PROBLEM TO SOLVE. Your task is to copy the stretch of lines in the records below that begins with the line containing "line L1 (-41.3484, 40.5758)" and ends with the line containing "of bodies 102", exactly as written, with nothing added.

Dataset entries.

------------------------------

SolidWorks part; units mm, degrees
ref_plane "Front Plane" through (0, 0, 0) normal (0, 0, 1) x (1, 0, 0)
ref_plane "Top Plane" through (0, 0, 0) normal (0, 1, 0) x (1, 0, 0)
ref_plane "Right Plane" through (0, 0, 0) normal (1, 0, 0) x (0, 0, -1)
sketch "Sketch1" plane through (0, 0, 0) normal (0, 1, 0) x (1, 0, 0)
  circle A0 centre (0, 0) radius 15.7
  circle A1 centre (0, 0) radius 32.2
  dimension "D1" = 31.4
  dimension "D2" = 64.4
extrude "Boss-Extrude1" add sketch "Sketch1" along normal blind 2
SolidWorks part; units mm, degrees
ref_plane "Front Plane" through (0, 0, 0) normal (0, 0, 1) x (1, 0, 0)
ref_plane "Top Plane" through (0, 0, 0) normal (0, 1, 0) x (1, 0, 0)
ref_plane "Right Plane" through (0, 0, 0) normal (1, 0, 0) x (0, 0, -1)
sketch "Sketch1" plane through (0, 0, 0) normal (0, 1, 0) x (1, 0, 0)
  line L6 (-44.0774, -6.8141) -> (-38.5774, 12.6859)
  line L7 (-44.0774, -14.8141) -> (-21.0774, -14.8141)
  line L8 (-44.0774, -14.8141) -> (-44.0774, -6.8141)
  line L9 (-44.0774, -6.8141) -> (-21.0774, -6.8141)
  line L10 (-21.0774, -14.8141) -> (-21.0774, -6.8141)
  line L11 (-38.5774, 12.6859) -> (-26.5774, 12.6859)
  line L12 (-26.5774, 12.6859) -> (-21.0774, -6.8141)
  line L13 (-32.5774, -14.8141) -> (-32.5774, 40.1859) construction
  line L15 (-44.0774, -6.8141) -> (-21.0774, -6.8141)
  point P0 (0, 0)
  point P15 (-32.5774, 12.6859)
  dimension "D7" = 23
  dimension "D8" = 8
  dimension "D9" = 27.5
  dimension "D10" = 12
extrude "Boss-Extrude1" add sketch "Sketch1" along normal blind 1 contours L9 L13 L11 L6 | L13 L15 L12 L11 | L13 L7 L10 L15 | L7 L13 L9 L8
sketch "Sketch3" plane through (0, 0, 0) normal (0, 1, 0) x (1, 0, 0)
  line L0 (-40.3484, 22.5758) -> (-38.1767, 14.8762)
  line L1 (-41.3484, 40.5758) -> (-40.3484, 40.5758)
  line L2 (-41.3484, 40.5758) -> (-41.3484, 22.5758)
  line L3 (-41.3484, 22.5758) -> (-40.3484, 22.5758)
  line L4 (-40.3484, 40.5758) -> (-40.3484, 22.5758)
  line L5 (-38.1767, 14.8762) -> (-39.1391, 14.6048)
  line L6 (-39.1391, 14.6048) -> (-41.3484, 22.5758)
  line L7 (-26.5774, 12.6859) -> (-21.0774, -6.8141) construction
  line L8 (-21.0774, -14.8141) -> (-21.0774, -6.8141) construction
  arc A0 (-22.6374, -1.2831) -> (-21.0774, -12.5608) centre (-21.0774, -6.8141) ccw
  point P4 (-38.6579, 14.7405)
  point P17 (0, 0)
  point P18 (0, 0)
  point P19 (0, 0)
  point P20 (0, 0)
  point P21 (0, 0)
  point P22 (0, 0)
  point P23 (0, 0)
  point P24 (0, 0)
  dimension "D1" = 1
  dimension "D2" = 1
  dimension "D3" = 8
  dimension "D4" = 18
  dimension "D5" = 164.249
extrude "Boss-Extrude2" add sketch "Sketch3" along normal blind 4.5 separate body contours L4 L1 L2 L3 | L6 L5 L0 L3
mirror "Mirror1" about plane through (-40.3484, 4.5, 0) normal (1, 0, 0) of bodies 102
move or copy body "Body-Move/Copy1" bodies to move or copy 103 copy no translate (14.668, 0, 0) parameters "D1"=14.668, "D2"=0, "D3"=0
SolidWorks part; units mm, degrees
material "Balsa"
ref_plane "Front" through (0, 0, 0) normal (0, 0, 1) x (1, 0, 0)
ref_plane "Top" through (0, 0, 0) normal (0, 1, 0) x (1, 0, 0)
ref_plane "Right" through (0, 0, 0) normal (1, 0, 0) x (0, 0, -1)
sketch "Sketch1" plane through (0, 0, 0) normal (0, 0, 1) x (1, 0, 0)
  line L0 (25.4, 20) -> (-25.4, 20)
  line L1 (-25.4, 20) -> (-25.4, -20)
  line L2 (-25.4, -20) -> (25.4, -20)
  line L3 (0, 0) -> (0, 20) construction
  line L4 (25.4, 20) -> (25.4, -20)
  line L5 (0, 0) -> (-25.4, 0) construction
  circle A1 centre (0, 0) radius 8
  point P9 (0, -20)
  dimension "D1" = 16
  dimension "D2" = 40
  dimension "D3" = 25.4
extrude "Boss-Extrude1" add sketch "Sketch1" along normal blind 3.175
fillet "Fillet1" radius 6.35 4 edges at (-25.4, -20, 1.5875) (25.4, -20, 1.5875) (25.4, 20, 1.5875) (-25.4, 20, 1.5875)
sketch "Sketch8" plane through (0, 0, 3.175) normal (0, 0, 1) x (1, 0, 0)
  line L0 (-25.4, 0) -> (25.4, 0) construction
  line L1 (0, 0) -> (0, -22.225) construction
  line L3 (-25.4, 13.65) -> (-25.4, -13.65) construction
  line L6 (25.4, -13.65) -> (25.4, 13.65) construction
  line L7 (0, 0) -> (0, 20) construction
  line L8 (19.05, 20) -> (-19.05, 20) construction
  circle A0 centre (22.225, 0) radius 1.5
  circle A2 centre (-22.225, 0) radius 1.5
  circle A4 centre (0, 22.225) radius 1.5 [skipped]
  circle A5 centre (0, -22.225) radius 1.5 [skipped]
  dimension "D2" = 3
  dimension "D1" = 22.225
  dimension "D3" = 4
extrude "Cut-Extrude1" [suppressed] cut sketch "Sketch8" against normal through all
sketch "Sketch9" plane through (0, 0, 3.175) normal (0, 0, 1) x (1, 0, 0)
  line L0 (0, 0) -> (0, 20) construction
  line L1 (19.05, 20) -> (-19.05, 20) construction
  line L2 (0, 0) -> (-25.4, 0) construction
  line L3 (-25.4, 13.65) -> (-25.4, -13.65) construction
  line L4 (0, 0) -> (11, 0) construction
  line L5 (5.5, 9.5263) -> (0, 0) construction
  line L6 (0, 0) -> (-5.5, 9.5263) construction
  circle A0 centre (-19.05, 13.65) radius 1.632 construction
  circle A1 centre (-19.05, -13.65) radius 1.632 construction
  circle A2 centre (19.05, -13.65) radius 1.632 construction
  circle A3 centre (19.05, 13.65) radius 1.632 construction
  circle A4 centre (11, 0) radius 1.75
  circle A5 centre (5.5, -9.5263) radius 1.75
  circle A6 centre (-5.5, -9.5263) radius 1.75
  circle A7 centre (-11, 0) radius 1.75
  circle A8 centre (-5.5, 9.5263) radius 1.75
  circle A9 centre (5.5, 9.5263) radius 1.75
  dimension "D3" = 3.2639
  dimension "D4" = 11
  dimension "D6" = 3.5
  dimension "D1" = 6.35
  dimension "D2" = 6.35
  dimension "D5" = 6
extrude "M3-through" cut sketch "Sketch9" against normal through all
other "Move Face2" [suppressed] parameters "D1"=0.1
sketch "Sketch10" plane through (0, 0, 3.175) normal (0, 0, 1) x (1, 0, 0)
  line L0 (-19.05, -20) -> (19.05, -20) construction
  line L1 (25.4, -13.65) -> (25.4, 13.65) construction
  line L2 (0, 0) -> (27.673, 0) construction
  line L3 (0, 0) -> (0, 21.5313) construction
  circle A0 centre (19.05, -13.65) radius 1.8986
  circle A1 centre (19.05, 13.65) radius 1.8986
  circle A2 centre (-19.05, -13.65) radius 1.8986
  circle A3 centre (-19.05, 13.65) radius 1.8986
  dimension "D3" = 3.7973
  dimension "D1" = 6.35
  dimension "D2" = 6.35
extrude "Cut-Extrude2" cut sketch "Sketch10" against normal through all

------------------------------

SOLVED PROBLEM.
  line L1 (-41.3484, 40.5758) -> (-40.3484, 40.5758)
  line L2 (-41.3484, 40.5758) -> (-41.3484, 22.5758)
  line L3 (-41.3484, 22.5758) -> (-40.3484, 22.5758)
  line L4 (-40.3484, 40.5758) -> (-40.3484, 22.5758)
  line L5 (-38.1767, 14.8762) -> (-39.1391, 14.6048)
  line L6 (-39.1391, 14.6048) -> (-41.3484, 22.5758)
  line L7 (-26.5774, 12.6859) -> (-21.0774, -6.8141) construction
  line L8 (-21.0774, -14.8141) -> (-21.0774, -6.8141) construction
  arc A0 (-22.6374, -1.2831) -> (-21.0774, -12.5608) centre (-21.0774, -6.8141) ccw
  point P4 (-38.6579, 14.7405)
  point P17 (0, 0)
  point P18 (0, 0)
  point P19 (0, 0)
  point P20 (0, 0)
  point P21 (0, 0)
  point P22 (0, 0)
  point P23 (0, 0)
  point P24 (0, 0)
  dimension "D1" = 1
  dimension "D2" = 1
  dimension "D3" = 8
  dimension "D4" = 18
  dimension "D5" = 164.249
extrude "Boss-Extrude2" add sketch "Sketch3" along normal blind 4.5 separate body contours L4 L1 L2 L3 | L6 L5 L0 L3
mirror "Mirror1" about plane through (-40.3484, 4.5, 0) normal (1, 0, 0) of bodies 102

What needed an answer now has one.